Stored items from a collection
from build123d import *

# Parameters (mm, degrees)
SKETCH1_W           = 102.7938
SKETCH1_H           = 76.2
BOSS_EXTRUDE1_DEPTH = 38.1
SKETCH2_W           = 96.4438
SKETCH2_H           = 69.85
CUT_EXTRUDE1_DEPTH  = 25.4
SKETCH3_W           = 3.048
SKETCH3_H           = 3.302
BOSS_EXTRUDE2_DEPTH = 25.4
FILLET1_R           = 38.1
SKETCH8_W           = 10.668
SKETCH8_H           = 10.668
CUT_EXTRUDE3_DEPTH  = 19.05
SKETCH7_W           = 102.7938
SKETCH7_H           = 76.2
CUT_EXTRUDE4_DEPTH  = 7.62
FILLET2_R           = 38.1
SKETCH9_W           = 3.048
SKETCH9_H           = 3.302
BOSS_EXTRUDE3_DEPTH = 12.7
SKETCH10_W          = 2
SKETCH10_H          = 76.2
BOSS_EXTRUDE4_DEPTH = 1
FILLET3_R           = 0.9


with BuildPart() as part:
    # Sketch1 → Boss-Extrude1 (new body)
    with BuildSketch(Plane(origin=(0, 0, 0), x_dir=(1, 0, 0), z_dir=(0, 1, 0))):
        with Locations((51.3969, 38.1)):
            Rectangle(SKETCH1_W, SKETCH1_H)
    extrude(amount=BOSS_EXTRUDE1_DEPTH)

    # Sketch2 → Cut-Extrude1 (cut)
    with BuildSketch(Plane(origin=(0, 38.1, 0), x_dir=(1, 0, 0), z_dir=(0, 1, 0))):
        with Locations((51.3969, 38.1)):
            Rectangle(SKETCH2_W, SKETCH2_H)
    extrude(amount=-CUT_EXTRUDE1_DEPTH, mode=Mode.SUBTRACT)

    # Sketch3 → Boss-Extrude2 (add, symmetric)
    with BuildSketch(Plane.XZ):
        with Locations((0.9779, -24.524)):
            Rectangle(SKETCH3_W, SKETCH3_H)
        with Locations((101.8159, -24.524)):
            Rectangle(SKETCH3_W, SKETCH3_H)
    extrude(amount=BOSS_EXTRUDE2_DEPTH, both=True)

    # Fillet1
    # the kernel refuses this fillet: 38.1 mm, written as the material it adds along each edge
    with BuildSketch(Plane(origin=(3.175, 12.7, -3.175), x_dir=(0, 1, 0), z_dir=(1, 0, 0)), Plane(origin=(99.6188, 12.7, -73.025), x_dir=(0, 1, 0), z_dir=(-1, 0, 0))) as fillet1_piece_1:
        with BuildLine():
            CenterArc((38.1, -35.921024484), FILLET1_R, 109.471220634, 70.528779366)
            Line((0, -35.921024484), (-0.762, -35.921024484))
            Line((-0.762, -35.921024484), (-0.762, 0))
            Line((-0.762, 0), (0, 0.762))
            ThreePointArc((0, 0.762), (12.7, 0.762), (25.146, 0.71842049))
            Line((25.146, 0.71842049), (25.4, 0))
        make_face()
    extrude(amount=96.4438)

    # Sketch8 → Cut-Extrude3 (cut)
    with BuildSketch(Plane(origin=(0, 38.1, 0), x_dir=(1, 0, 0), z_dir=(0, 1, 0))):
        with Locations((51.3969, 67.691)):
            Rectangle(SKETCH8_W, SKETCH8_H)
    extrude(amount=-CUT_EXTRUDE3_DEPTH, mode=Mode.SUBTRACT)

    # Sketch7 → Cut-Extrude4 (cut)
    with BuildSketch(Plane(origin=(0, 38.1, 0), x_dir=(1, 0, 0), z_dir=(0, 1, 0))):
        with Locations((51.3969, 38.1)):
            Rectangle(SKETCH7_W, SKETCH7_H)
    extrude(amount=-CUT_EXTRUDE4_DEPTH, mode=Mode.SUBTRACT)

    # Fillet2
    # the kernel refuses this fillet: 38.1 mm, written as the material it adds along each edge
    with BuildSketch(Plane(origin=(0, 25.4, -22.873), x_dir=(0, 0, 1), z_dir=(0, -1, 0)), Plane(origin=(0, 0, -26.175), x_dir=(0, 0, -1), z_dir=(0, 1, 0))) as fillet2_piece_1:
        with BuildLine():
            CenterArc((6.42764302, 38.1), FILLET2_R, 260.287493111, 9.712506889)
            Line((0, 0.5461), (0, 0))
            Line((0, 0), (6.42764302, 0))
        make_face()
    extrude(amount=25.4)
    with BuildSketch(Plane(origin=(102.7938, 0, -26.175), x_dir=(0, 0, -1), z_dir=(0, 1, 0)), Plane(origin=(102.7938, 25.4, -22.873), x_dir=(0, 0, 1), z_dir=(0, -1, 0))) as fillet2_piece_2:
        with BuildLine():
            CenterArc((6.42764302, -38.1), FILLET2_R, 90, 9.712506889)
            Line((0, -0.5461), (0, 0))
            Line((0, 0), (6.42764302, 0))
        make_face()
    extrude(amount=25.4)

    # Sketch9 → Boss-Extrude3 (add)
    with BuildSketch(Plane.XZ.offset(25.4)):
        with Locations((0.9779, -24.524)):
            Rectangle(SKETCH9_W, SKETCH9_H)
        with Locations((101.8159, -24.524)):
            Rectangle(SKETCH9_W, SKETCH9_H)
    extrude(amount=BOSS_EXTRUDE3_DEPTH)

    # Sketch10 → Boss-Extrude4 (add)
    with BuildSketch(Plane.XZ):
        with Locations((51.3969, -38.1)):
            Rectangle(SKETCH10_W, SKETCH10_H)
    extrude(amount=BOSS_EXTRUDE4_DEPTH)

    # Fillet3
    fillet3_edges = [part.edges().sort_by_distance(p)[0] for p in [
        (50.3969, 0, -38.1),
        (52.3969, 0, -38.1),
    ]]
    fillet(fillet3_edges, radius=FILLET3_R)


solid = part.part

_PROMPT_.
Your reply must be the entries above, returned word for word.

_SOLUTION_.
from build123d import *

# Parameters (mm, degrees)
SKETCH1_W           = 102.7938
SKETCH1_H           = 76.2
BOSS_EXTRUDE1_DEPTH = 38.1
SKETCH2_W           = 96.4438
SKETCH2_H           = 69.85
CUT_EXTRUDE1_DEPTH  = 25.4
SKETCH3_W           = 3.048
SKETCH3_H           = 3.302
BOSS_EXTRUDE2_DEPTH = 25.4
FILLET1_R           = 38.1
SKETCH8_W           = 10.668
SKETCH8_H           = 10.668
CUT_EXTRUDE3_DEPTH  = 19.05
SKETCH7_W           = 102.7938
SKETCH7_H           = 76.2
CUT_EXTRUDE4_DEPTH  = 7.62
FILLET2_R           = 38.1
SKETCH9_W           = 3.048
SKETCH9_H           = 3.302
BOSS_EXTRUDE3_DEPTH = 12.7
SKETCH10_W          = 2
SKETCH10_H          = 76.2
BOSS_EXTRUDE4_DEPTH = 1
FILLET3_R           = 0.9


with BuildPart() as part:
    # Sketch1 → Boss-Extrude1 (new body)
    with BuildSketch(Plane(origin=(0, 0, 0), x_dir=(1, 0, 0), z_dir=(0, 1, 0))):
        with Locations((51.3969, 38.1)):
            Rectangle(SKETCH1_W, SKETCH1_H)
    extrude(amount=BOSS_EXTRUDE1_DEPTH)

    # Sketch2 → Cut-Extrude1 (cut)
    with BuildSketch(Plane(origin=(0, 38.1, 0), x_dir=(1, 0, 0), z_dir=(0, 1, 0))):
        with Locations((51.3969, 38.1)):
            Rectangle(SKETCH2_W, SKETCH2_H)
    extrude(amount=-CUT_EXTRUDE1_DEPTH, mode=Mode.SUBTRACT)

    # Sketch3 → Boss-Extrude2 (add, symmetric)
    with BuildSketch(Plane.XZ):
        with Locations((0.9779, -24.524)):
            Rectangle(SKETCH3_W, SKETCH3_H)
        with Locations((101.8159, -24.524)):
            Rectangle(SKETCH3_W, SKETCH3_H)
    extrude(amount=BOSS_EXTRUDE2_DEPTH, both=True)

    # Fillet1
    # the kernel refuses this fillet: 38.1 mm, written as the material it adds along each edge
    with BuildSketch(Plane(origin=(3.175, 12.7, -3.175), x_dir=(0, 1, 0), z_dir=(1, 0, 0)), Plane(origin=(99.6188, 12.7, -73.025), x_dir=(0, 1, 0), z_dir=(-1, 0, 0))) as fillet1_piece_1:
        with BuildLine():
            CenterArc((38.1, -35.921024484), FILLET1_R, 109.471220634, 70.528779366)
            Line((0, -35.921024484), (-0.762, -35.921024484))
            Line((-0.762, -35.921024484), (-0.762, 0))
            Line((-0.762, 0), (0, 0.762))
            ThreePointArc((0, 0.762), (12.7, 0.762), (25.146, 0.71842049))
            Line((25.146, 0.71842049), (25.4, 0))
        make_face()
    extrude(amount=96.4438)

    # Sketch8 → Cut-Extrude3 (cut)
    with BuildSketch(Plane(origin=(0, 38.1, 0), x_dir=(1, 0, 0), z_dir=(0, 1, 0))):
        with Locations((51.3969, 67.691)):
            Rectangle(SKETCH8_W, SKETCH8_H)
    extrude(amount=-CUT_EXTRUDE3_DEPTH, mode=Mode.SUBTRACT)

    # Sketch7 → Cut-Extrude4 (cut)
    with BuildSketch(Plane(origin=(0, 38.1, 0), x_dir=(1, 0, 0), z_dir=(0, 1, 0))):
        with Locations((51.3969, 38.1)):
            Rectangle(SKETCH7_W, SKETCH7_H)
    extrude(amount=-CUT_EXTRUDE4_DEPTH, mode=Mode.SUBTRACT)

    # Fillet2
    # the kernel refuses this fillet: 38.1 mm, written as the material it adds along each edge
    with BuildSketch(Plane(origin=(0, 25.4, -22.873), x_dir=(0, 0, 1), z_dir=(0, -1, 0)), Plane(origin=(0, 0, -26.175), x_dir=(0, 0, -1), z_dir=(0, 1, 0))) as fillet2_piece_1:
        with BuildLine():
            CenterArc((6.42764302, 38.1), FILLET2_R, 260.287493111, 9.712506889)
            Line((0, 0.5461), (0, 0))
            Line((0, 0), (6.42764302, 0))
        make_face()
    extrude(amount=25.4)
    with BuildSketch(Plane(origin=(102.7938, 0, -26.175), x_dir=(0, 0, -1), z_dir=(0, 1, 0)), Plane(origin=(102.7938, 25.4, -22.873), x_dir=(0, 0, 1), z_dir=(0, -1, 0))) as fillet2_piece_2:
        with BuildLine():
            CenterArc((6.42764302, -38.1), FILLET2_R, 90, 9.712506889)
            Line((0, -0.5461), (0, 0))
            Line((0, 0), (6.42764302, 0))
        make_face()
    extrude(amount=25.4)

    # Sketch9 → Boss-Extrude3 (add)
    with BuildSketch(Plane.XZ.offset(25.4)):
        with Locations((0.9779, -24.524)):
            Rectangle(SKETCH9_W, SKETCH9_H)
        with Locations((101.8159, -24.524)):
            Rectangle(SKETCH9_W, SKETCH9_H)
    extrude(amount=BOSS_EXTRUDE3_DEPTH)

    # Sketch10 → Boss-Extrude4 (add)
    with BuildSketch(Plane.XZ):
        with Locations((51.3969, -38.1)):
            Rectangle(SKETCH10_W, SKETCH10_H)
    extrude(amount=BOSS_EXTRUDE4_DEPTH)

    # Fillet3
    fillet3_edges = [part.edges().sort_by_distance(p)[0] for p in [
        (50.3969, 0, -38.1),
        (52.3969, 0, -38.1),
    ]]
    fillet(fillet3_edges, radius=FILLET3_R)


solid = part.part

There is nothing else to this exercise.